[Start of section]

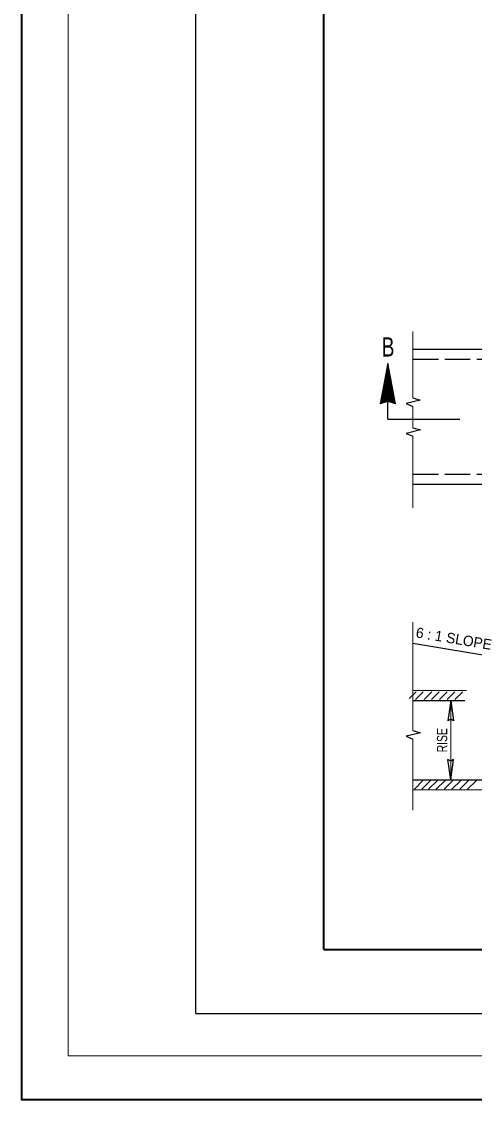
# Model space of a CAD drawing. Extents: x -1291 to -38, y -357 to 186.
# Drawn here: x -1291.3 to -1238.2, y -356.8 to -230.4 of the extents above; entities that cross this region are included whole.
import ezdxf

# ---------------------------------------------------------------- set-up
doc = ezdxf.new("R2010")
doc.units = 0
doc.header["$LTSCALE"] = 0.5
doc.linetypes.add('LONG_DASHED', pattern=[7.5, 6, -1.5])
doc.layers.add('1', color=7, linetype='Continuous', lineweight=25)
doc.layers.add('15', color=7, linetype='Continuous', lineweight=13)

msp = doc.modelspace()

# ---------------------------------------------------------------- linework, layer by layer
at = {"layer": '1', "lineweight": 13}
for p, q in [((-1285.8612, -351.7332), (-1285.8612, -121.7142)), ((-1245.4131, -274.5422), (-1245.4131, -266.7597)), ((-1245.4131, -278.0372), (-1245.4131, -275.5347)), ((-1245.4131, -287.4323), (-1245.4131, -279.025)), ((-1245.4131, -313.5665), (-1245.4131, -300.8512)), ((-1245.8224, -309.8102), (-1245.036, -309.0238)), ((-1245.4131, -308.8536), (-1239.1102, -308.8536)), ((-1245.1068, -309.9299), (-1244.2017, -309.0238)), ((-1244.0908, -309.9299), (-1243.1857, -309.0238)), ((-1243.2072, -309.9299), (-1242.302, -309.0238)), ((-1242.292, -309.9293), (-1241.3867, -309.0238)), ((-1241.3758, -309.9274), (-1240.4727, -309.0238)), ((-1240.4601, -309.927), (-1239.5577, -309.0238)), ((-1240.9622, -313.3737), (-1240.9622, -310.1841)), ((-1240.9622, -313.2227), (-1240.9622, -319.3331)), ((-1245.4131, -322.8846), (-1245.4131, -314.5539)), ((-1245.2236, -320.4221), (-1244.1825, -319.3808)), ((-1244.3622, -320.4441), (-1243.3211, -319.4029)), ((-1243.5668, -320.4441), (-1242.5258, -319.4029)), ((-1242.6518, -320.4441), (-1241.6109, -319.4029)), ((-1241.7369, -320.4441), (-1240.6962, -319.4029)), ((-1240.8224, -320.4441), (-1239.7816, -319.4029)), ((-1239.9077, -320.4441), (-1238.8673, -319.4029)), ((-1238.9933, -320.4441), (-1237.9522, -319.4029)), ((-1245.4131, -320.4967), (-1149.3589, -320.4967)), ((-1285.8612, -351.7332), (-925.8307, -351.7332))]:
    msp.add_line(p, q, dxfattribs=at)
at = {"layer": '1', "lineweight": 40}
for q in [(-1255.859, -134.2153), (-930.8315, -339.2322)]:
    msp.add_line((-1255.859, -339.2322), q, dxfattribs=at)
at = {"layer": '1'}
for p, q in [((-1245.4131, -268.8232), (-1232.334, -268.8232)), ((-1248.3272, -277.0162), (-1248.3272, -273.1449)), ((-1248.3272, -277.0162), (-1239.8783, -277.0162)), ((-1245.4131, -284.643), (-1232.4407, -284.643)), ((-1245.4131, -303.2989), (-1204.913, -310.0485)), ((-1245.4131, -310.0181), (-1239.3155, -310.0181)), ((-1240.9635, -310.0416), (-1241.2904, -312.4205)), ((-1240.9635, -310.0416), (-1240.637, -312.4205)), ((-1240.9635, -319.3322), (-1241.2904, -316.9536)), ((-1240.9635, -319.3322), (-1240.637, -316.9536)), ((-1245.4131, -319.332), (-1149.3625, -319.332)), ((-1270.8597, -346.7325), (-925.8307, -346.7325))]:
    msp.add_line(p, q, dxfattribs=at)
at = {"layer": '1', "linetype": 'LONG_DASHED'}
for p, q in [((-1245.4131, -269.9875), (-1232.4707, -269.9875)), ((-1245.4131, -283.4786), (-1232.4707, -283.4786))]:
    msp.add_line(p, q, dxfattribs=at)
at = {"layer": '1', "lineweight": 35}
msp.add_lwpolyline([(-920.7607, -87.3897), (-1291.3271, -87.3897), (-1291.3271, -356.8295), (-920.7607, -356.8295)], close=True, dxfattribs=at)
at = {"layer": '1'}
for points in [[(-1270.8597, -346.7325), (-1270.8597, -126.7142), (-925.8307, -126.7142)], [(-1245.4131, -274.5422), (-1244.5344, -274.7917), (-1246.2091, -275.194), (-1245.4131, -275.5347)], [(-1245.4131, -278.0372), (-1244.5098, -278.2926), (-1246.1845, -278.6952), (-1245.4131, -279.025)], [(-1240.637, -312.4205), (-1240.9674, -312.2363), (-1241.2904, -312.4205)], [(-1245.4131, -313.5665), (-1244.5098, -313.8226), (-1246.1844, -314.2241), (-1245.4131, -314.5539)], [(-1240.637, -316.9536), (-1240.9674, -317.1371), (-1241.2904, -316.9536)]]:
    msp.add_lwpolyline(points, dxfattribs=at)
at = {"layer": '15'}
for p, q in [((-1248.3092, -270.5491), (-1248.3371, -270.5491)), ((-1248.316, -270.5143), (-1248.3305, -270.5143)), ((-1248.3223, -270.4791), (-1248.3232, -270.4791)), ((-1248.3179, -274.9527), (-1248.3179, -270.5048)), ((-1248.0725, -271.8408), (-1248.5826, -271.8408)), ((-1248.0787, -271.806), (-1248.5757, -271.806)), ((-1248.0863, -271.7717), (-1248.569, -271.7717)), ((-1248.5628, -275.0146), (-1248.5628, -271.7347)), ((-1248.0915, -271.7365), (-1248.5628, -271.7365)), ((-1248.0988, -271.702), (-1248.5552, -271.702)), ((-1248.105, -271.6672), (-1248.5493, -271.6672)), ((-1248.1112, -271.6316), (-1248.5422, -271.6316)), ((-1248.1173, -271.5967), (-1248.5361, -271.5967)), ((-1248.124, -271.5613), (-1248.5294, -271.5613)), ((-1248.5273, -275.0021), (-1248.5273, -271.5505)), ((-1248.1302, -271.5276), (-1248.5225, -271.5276)), ((-1248.1371, -271.4919), (-1248.5162, -271.4919)), ((-1248.1429, -271.4575), (-1248.5093, -271.4575)), ((-1248.1496, -271.4222), (-1248.5028, -271.4222)), ((-1248.1558, -271.3875), (-1248.4952, -271.3875)), ((-1248.4926, -274.99), (-1248.4926, -271.3669)), ((-1248.1623, -271.3522), (-1248.4895, -271.3522)), ((-1248.1686, -271.3169), (-1248.483, -271.3169)), ((-1248.1756, -271.2827), (-1248.4758, -271.2827)), ((-1248.1815, -271.2473), (-1248.4697, -271.2473)), ((-1248.1881, -271.2127), (-1248.4628, -271.2127)), ((-1248.4576, -274.9782), (-1248.4576, -271.1827)), ((-1248.195, -271.1773), (-1248.4563, -271.1773)), ((-1248.201, -271.1429), (-1248.4494, -271.1429)), ((-1248.2075, -271.1082), (-1248.4426, -271.1082)), ((-1248.2134, -271.0723), (-1248.4367, -271.0723)), ((-1248.22, -271.0375), (-1248.4298, -271.0375)), ((-1248.2263, -271.0029), (-1248.4229, -271.0029)), ((-1248.4221, -274.9663), (-1248.4221, -270.9987)), ((-1248.2323, -270.9683), (-1248.4167, -270.9683)), ((-1248.2397, -270.9328), (-1248.4098, -270.9328)), ((-1248.2456, -270.8983), (-1248.4034, -270.8983)), ((-1248.2517, -270.8632), (-1248.3967, -270.8632)), ((-1248.2585, -270.8285), (-1248.3896, -270.8285)), ((-1248.3876, -274.9546), (-1248.3876, -270.8142)), ((-1248.265, -270.7935), (-1248.3827, -270.7935)), ((-1248.2709, -270.7587), (-1248.3767, -270.7587)), ((-1248.2775, -270.7239), (-1248.3707, -270.7239)), ((-1248.2836, -270.6887), (-1248.3636, -270.6887)), ((-1248.2894, -270.6543), (-1248.3573, -270.6543)), ((-1248.3525, -274.9418), (-1248.3525, -270.6301)), ((-1248.2972, -270.6189), (-1248.3498, -270.6189)), ((-1248.3029, -270.5837), (-1248.3436, -270.5837)), ((-1248.2832, -274.9646), (-1248.2832, -270.6956)), ((-1248.2479, -274.9765), (-1248.2479, -270.8865)), ((-1248.2132, -274.9873), (-1248.2132, -271.0773)), ((-1248.1783, -274.9992), (-1248.1783, -271.2677)), ((-1248.1429, -275.0104), (-1248.1429, -271.4582)), ((-1248.1077, -275.0227), (-1248.1077, -271.6491)), ((-1248.0733, -275.0336), (-1248.0733, -271.8405)), ((-1247.8424, -273.0985), (-1248.8207, -273.0985)), ((-1247.8488, -273.0634), (-1248.8139, -273.0634)), ((-1247.8552, -273.0287), (-1248.8077, -273.0287)), ((-1248.8073, -275.0984), (-1248.8073, -273.0237)), ((-1247.8618, -272.9937), (-1248.8012, -272.9937)), ((-1247.8685, -272.9587), (-1248.7945, -272.9587)), ((-1247.8743, -272.9241), (-1248.7874, -272.9241)), ((-1247.881, -272.889), (-1248.781, -272.889)), ((-1247.8875, -272.8538), (-1248.7747, -272.8538)), ((-1248.7722, -275.0869), (-1248.7722, -272.8392)), ((-1247.8936, -272.819), (-1248.7678, -272.819)), ((-1247.9, -272.7838), (-1248.7613, -272.7838)), ((-1247.9062, -272.7494), (-1248.7543, -272.7494)), ((-1247.9127, -272.7148), (-1248.7478, -272.7148)), ((-1247.9193, -272.6794), (-1248.7415, -272.6794)), ((-1248.7372, -275.075), (-1248.7372, -272.6557)), ((-1247.926, -272.6447), (-1248.7347, -272.6447)), ((-1247.9325, -272.6097), (-1248.7278, -272.6097)), ((-1247.9383, -272.5748), (-1248.7216, -272.5748)), ((-1247.9446, -272.5398), (-1248.7147, -272.5398)), ((-1247.9511, -272.5048), (-1248.7087, -272.5048)), ((-1248.702, -275.0633), (-1248.702, -272.4711)), ((-1247.9577, -272.4702), (-1248.7013, -272.4702)), ((-1247.9636, -272.4352), (-1248.6947, -272.4352)), ((-1247.9702, -272.4), (-1248.6882, -272.4)), ((-1247.9773, -272.3652), (-1248.6814, -272.3652)), ((-1247.9829, -272.33), (-1248.6751, -272.33)), ((-1247.99, -272.2952), (-1248.6676, -272.2952)), ((-1248.6669, -275.0498), (-1248.6669, -272.2866)), ((-1247.9961, -272.26), (-1248.6616, -272.26)), ((-1248.0025, -272.2252), (-1248.6555, -272.2252)), ((-1248.009, -272.1903), (-1248.648, -272.1903)), ((-1248.0154, -272.1558), (-1248.6422, -272.1558)), ((-1248.0213, -272.1204), (-1248.6353, -272.1204)), ((-1248.6324, -275.0387), (-1248.6324, -272.1027)), ((-1248.0281, -272.0857), (-1248.6286, -272.0857)), ((-1248.0342, -272.0506), (-1248.6216, -272.0506)), ((-1248.041, -272.0157), (-1248.6151, -272.0157)), ((-1248.0472, -271.9812), (-1248.6088, -271.9812)), ((-1248.0533, -271.9457), (-1248.602, -271.9457)), ((-1248.5967, -275.0263), (-1248.5967, -271.9185)), ((-1248.0596, -271.9113), (-1248.5961, -271.9113)), ((-1248.0661, -271.876), (-1248.5888, -271.876)), ((-1248.0383, -275.0452), (-1248.0383, -272.0303)), ((-1248.0035, -275.0563), (-1248.0035, -272.2218)), ((-1247.9682, -275.068), (-1247.9682, -272.4125)), ((-1247.9335, -275.08), (-1247.9335, -272.6034)), ((-1247.8987, -275.0917), (-1247.8987, -272.7937)), ((-1247.864, -275.1025), (-1247.864, -272.9852)), ((-1247.6122, -274.3562), (-1249.0591, -274.3562)), ((-1247.6187, -274.3213), (-1249.0527, -274.3213)), ((-1249.0506, -275.1836), (-1249.0506, -274.3123)), ((-1247.6249, -274.2863), (-1249.0463, -274.2863)), ((-1247.6312, -274.2516), (-1249.0391, -274.2516)), ((-1247.6377, -274.2163), (-1249.033, -274.2163)), ((-1247.6447, -274.1809), (-1249.0264, -274.1809)), ((-1247.6512, -274.1463), (-1249.0195, -274.1463)), ((-1249.0166, -275.1721), (-1249.0166, -274.1282)), ((-1247.6566, -274.1115), (-1249.0129, -274.1115)), ((-1247.663, -274.0768), (-1249.0064, -274.0768)), ((-1247.6703, -274.0417), (-1249, -274.0417)), ((-1247.6757, -274.007), (-1248.9927, -274.007)), ((-1247.6828, -273.9717), (-1248.9863, -273.9717)), ((-1248.9812, -275.1586), (-1248.9812, -273.9438)), ((-1247.6889, -273.9363), (-1248.9793, -273.9363)), ((-1247.6953, -273.9015), (-1248.9734, -273.9015)), ((-1247.7018, -273.8665), (-1248.9666, -273.8665)), ((-1247.7085, -273.8319), (-1248.9599, -273.8319)), ((-1247.7147, -273.7969), (-1248.9535, -273.7969)), ((-1248.9463, -275.1471), (-1248.9463, -273.7601)), ((-1247.721, -273.7622), (-1248.9463, -273.7622)), ((-1247.727, -273.7273), (-1248.9399, -273.7273)), ((-1247.7342, -273.6923), (-1248.9334, -273.6923)), ((-1247.7403, -273.6577), (-1248.9264, -273.6577)), ((-1247.7462, -273.6229), (-1248.9203, -273.6229)), ((-1247.7537, -273.5879), (-1248.9141, -273.5879)), ((-1248.9114, -275.1354), (-1248.9114, -273.5756)), ((-1247.7596, -273.5528), (-1248.9068, -273.5528)), ((-1247.7658, -273.5179), (-1248.9003, -273.5179)), ((-1247.7721, -273.4832), (-1248.8935, -273.4832)), ((-1247.7784, -273.4477), (-1248.8868, -273.4477)), ((-1247.7843, -273.4125), (-1248.8808, -273.4125)), ((-1248.8767, -275.1229), (-1248.8767, -273.3913)), ((-1247.7913, -273.3781), (-1248.8737, -273.3781)), ((-1247.7978, -273.3431), (-1248.8668, -273.3431)), ((-1247.8038, -273.3083), (-1248.8601, -273.3083)), ((-1247.811, -273.2733), (-1248.8541, -273.2733)), ((-1247.8171, -273.2382), (-1248.8476, -273.2382)), ((-1248.8416, -275.1109), (-1248.8416, -273.2074)), ((-1247.8231, -273.2035), (-1248.841, -273.2035)), ((-1247.83, -273.1678), (-1248.8345, -273.1678)), ((-1247.8357, -273.1337), (-1248.8274, -273.1337)), ((-1247.8289, -275.1144), (-1247.8289, -273.1753)), ((-1247.7941, -275.1255), (-1247.7941, -273.3655)), ((-1247.7593, -275.1377), (-1247.7593, -273.5569)), ((-1247.7241, -275.1494), (-1247.7241, -273.7473)), ((-1247.6889, -275.1608), (-1247.6889, -273.9386)), ((-1247.6539, -275.1721), (-1247.6539, -274.1284)), ((-1247.6192, -275.1836), (-1247.6192, -274.3197)), ((-1249.226, -275.2432), (-1249.226, -275.2321)), ((-1249.1833, -275.2292), (-1249.2254, -275.2292)), ((-1249.0824, -275.1942), (-1249.2185, -275.1942)), ((-1248.9812, -275.1593), (-1249.2121, -275.1593)), ((-1248.8799, -275.1244), (-1249.2052, -275.1244)), ((-1248.7791, -275.0898), (-1249.1988, -275.0898)), ((-1248.6778, -275.0544), (-1249.1921, -275.0544)), ((-1249.1908, -275.232), (-1249.1908, -275.0479)), ((-1248.577, -275.02), (-1249.1852, -275.02)), ((-1248.4758, -274.9848), (-1249.1787, -274.9848)), ((-1248.3744, -274.9496), (-1249.1725, -274.9496)), ((-1247.5097, -274.9146), (-1249.1652, -274.9146)), ((-1247.5161, -274.8798), (-1249.1589, -274.8798)), ((-1249.156, -275.2192), (-1249.156, -274.8646)), ((-1247.5234, -274.8447), (-1249.1522, -274.8447)), ((-1247.5287, -274.8102), (-1249.1456, -274.8102)), ((-1247.5347, -274.7754), (-1249.1389, -274.7754)), ((-1247.5422, -274.7403), (-1249.1322, -274.7403)), ((-1247.548, -274.7054), (-1249.1256, -274.7054)), ((-1249.1208, -275.2071), (-1249.1208, -274.6804)), ((-1247.5543, -274.6702), (-1249.1187, -274.6702)), ((-1247.5616, -274.636), (-1249.1125, -274.636)), ((-1247.5674, -274.6006), (-1249.1063, -274.6006)), ((-1247.5732, -274.5657), (-1249.0987, -274.5657)), ((-1247.5803, -274.5308), (-1249.0927, -274.5308)), ((-1249.0863, -275.1957), (-1249.0863, -274.4962)), ((-1247.5866, -274.4962), (-1249.0863, -274.4962)), ((-1247.5932, -274.4608), (-1249.0793, -274.4608)), ((-1247.5995, -274.4256), (-1249.0725, -274.4256)), ((-1247.6057, -274.3909), (-1249.0656, -274.3909)), ((-1247.5038, -274.9496), (-1248.3272, -274.9496)), ((-1247.4972, -274.9848), (-1248.2213, -274.9848)), ((-1247.4907, -275.02), (-1248.116, -275.02)), ((-1247.4843, -275.0544), (-1248.0095, -275.0544)), ((-1247.4774, -275.0898), (-1247.905, -275.0898)), ((-1247.4714, -275.1244), (-1247.7978, -275.1244)), ((-1247.4645, -275.1593), (-1247.693, -275.1593)), ((-1247.4588, -275.1942), (-1247.587, -275.1942)), ((-1247.5843, -275.1957), (-1247.5843, -274.5099)), ((-1247.5497, -275.2069), (-1247.5497, -274.7014)), ((-1247.5145, -275.2183), (-1247.5145, -274.8915)), ((-1247.4524, -275.2292), (-1247.4818, -275.2292)), ((-1247.4797, -275.2298), (-1247.4797, -275.0827))]:
    msp.add_line(p, q, dxfattribs=at)
msp.add_lwpolyline([(-1249.2285, -275.2447), (-1248.3228, -270.4747), (-1247.4497, -275.2398), (-1248.3519, -274.9411)], close=True, dxfattribs=at)

# ---------------------------------------------------------------- texts
at = {"layer": '1', "width": 0.75}
msp.add_text('B', height=2.25, dxfattribs=at).set_placement((-1249.0712, -269.6825))
at = {"layer": '1'}
msp.add_text('6 : 1 SLOPE', height=1.21, rotation=350.58, dxfattribs=at).set_placement((-1245.1195, -302.6262))
at = {"layer": '1', "width": 0.75}
msp.add_text('RISE', height=1.21, rotation=90, dxfattribs=at).set_placement((-1241.3725, -316.1109))

doc.saveas('drawing.dxf')

[End of section]

How many of the lines above contain "close"? Give the number by itself.

2